Return the records below in full. Keep every word exact and skip the images.

==== DATA TO PROCESS ====

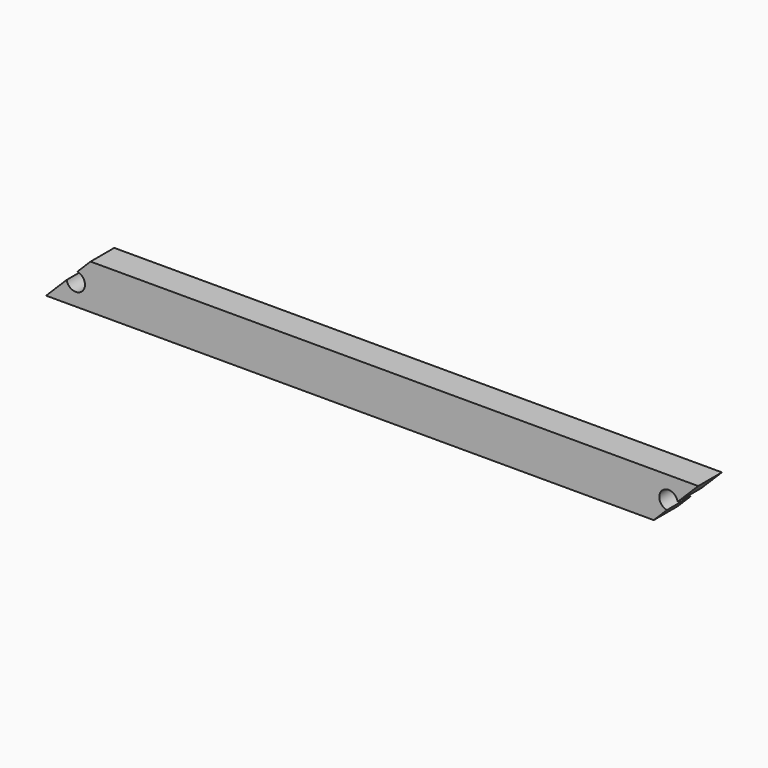
from build123d import *

# Parameters (mm, degrees)
F0_W     = 558.8
F0_H     = 38.1
F1_DEPTH = 25.4
F3_D     = 15.875
F5_DEPTH = 50.8
F7_DEPTH = 50.8


# Not quite as in the source:
# - a feature names something its author has since deleted; it is built from what else it names


with BuildPart() as f1:
    # F0 (on Front) → F1 (new body)
    with BuildSketch(Plane.XZ):
        with Locations((279.4, 19.05)):
            Rectangle(F0_W, F0_H)
    extrude(amount=F1_DEPTH)

    # F3 (through all)
    with Locations(Plane.XZ.offset(25.4)):
        with Locations((25.4, 19.05), (533.4, 19.05)):
            Hole(F3_D / 2)

    # F4 (on face) → F5 (cut)
    with BuildSketch(Plane.XZ.offset(25.4)):
        with BuildLine():
            Line((0, 38.1), (0, 0))
            Line((0, 0), (17.5966819335, 17.5966819335))
            ThreePointArc((17.5966819335, 17.5966819335), (19.7873399243, 24.6626600757), (26.8533180665, 26.8533180665))
            Line((26.8533180665, 26.8533180665), (38.1, 38.1))
            Line((38.1, 38.1), (0, 38.1))
        make_face()
    extrude(amount=-F5_DEPTH, mode=Mode.SUBTRACT)

    # F6 (on face) → F7 (cut)
    with BuildSketch(Plane.XZ.offset(25.4)):
        with BuildLine():
            Line((558.8, 0), (558.8, 38.1))
            Line((558.8, 38.1), (541.2033180665, 20.5033180665))
            ThreePointArc((541.2033180665, 20.5033180665), (541.3038833305, 19.7797496478), (541.3375, 19.05))
            ThreePointArc((541.3375, 19.05), (538.4728785762, 12.9450995748), (531.9466819335, 11.2466819335))
            Line((531.9466819335, 11.2466819335), (520.7, 0))
            Line((520.7, 0), (558.8, 0))
        make_face()
    extrude(amount=-F7_DEPTH, mode=Mode.SUBTRACT)


solid = f1.part

====

ANSWER BOX
from build123d import *

# Parameters (mm, degrees)
F0_W     = 558.8
F0_H     = 38.1
F1_DEPTH = 25.4
F3_D     = 15.875
F5_DEPTH = 50.8
F7_DEPTH = 50.8


# Not quite as in the source:
# - a feature names something its author has since deleted; it is built from what else it names


with BuildPart() as f1:
    # F0 (on Front) → F1 (new body)
    with BuildSketch(Plane.XZ):
        with Locations((279.4, 19.05)):
            Rectangle(F0_W, F0_H)
    extrude(amount=F1_DEPTH)

    # F3 (through all)
    with Locations(Plane.XZ.offset(25.4)):
        with Locations((25.4, 19.05), (533.4, 19.05)):
            Hole(F3_D / 2)

    # F4 (on face) → F5 (cut)
    with BuildSketch(Plane.XZ.offset(25.4)):
        with BuildLine():
            Line((0, 38.1), (0, 0))
            Line((0, 0), (17.5966819335, 17.5966819335))
            ThreePointArc((17.5966819335, 17.5966819335), (19.7873399243, 24.6626600757), (26.8533180665, 26.8533180665))
            Line((26.8533180665, 26.8533180665), (38.1, 38.1))
            Line((38.1, 38.1), (0, 38.1))
        make_face()
    extrude(amount=-F5_DEPTH, mode=Mode.SUBTRACT)

    # F6 (on face) → F7 (cut)
    with BuildSketch(Plane.XZ.offset(25.4)):
        with BuildLine():
            Line((558.8, 0), (558.8, 38.1))
            Line((558.8, 38.1), (541.2033180665, 20.5033180665))
            ThreePointArc((541.2033180665, 20.5033180665), (541.3038833305, 19.7797496478), (541.3375, 19.05))
            ThreePointArc((541.3375, 19.05), (538.4728785762, 12.9450995748), (531.9466819335, 11.2466819335))
            Line((531.9466819335, 11.2466819335), (520.7, 0))
            Line((520.7, 0), (558.8, 0))
        make_face()
    extrude(amount=-F7_DEPTH, mode=Mode.SUBTRACT)


solid = f1.part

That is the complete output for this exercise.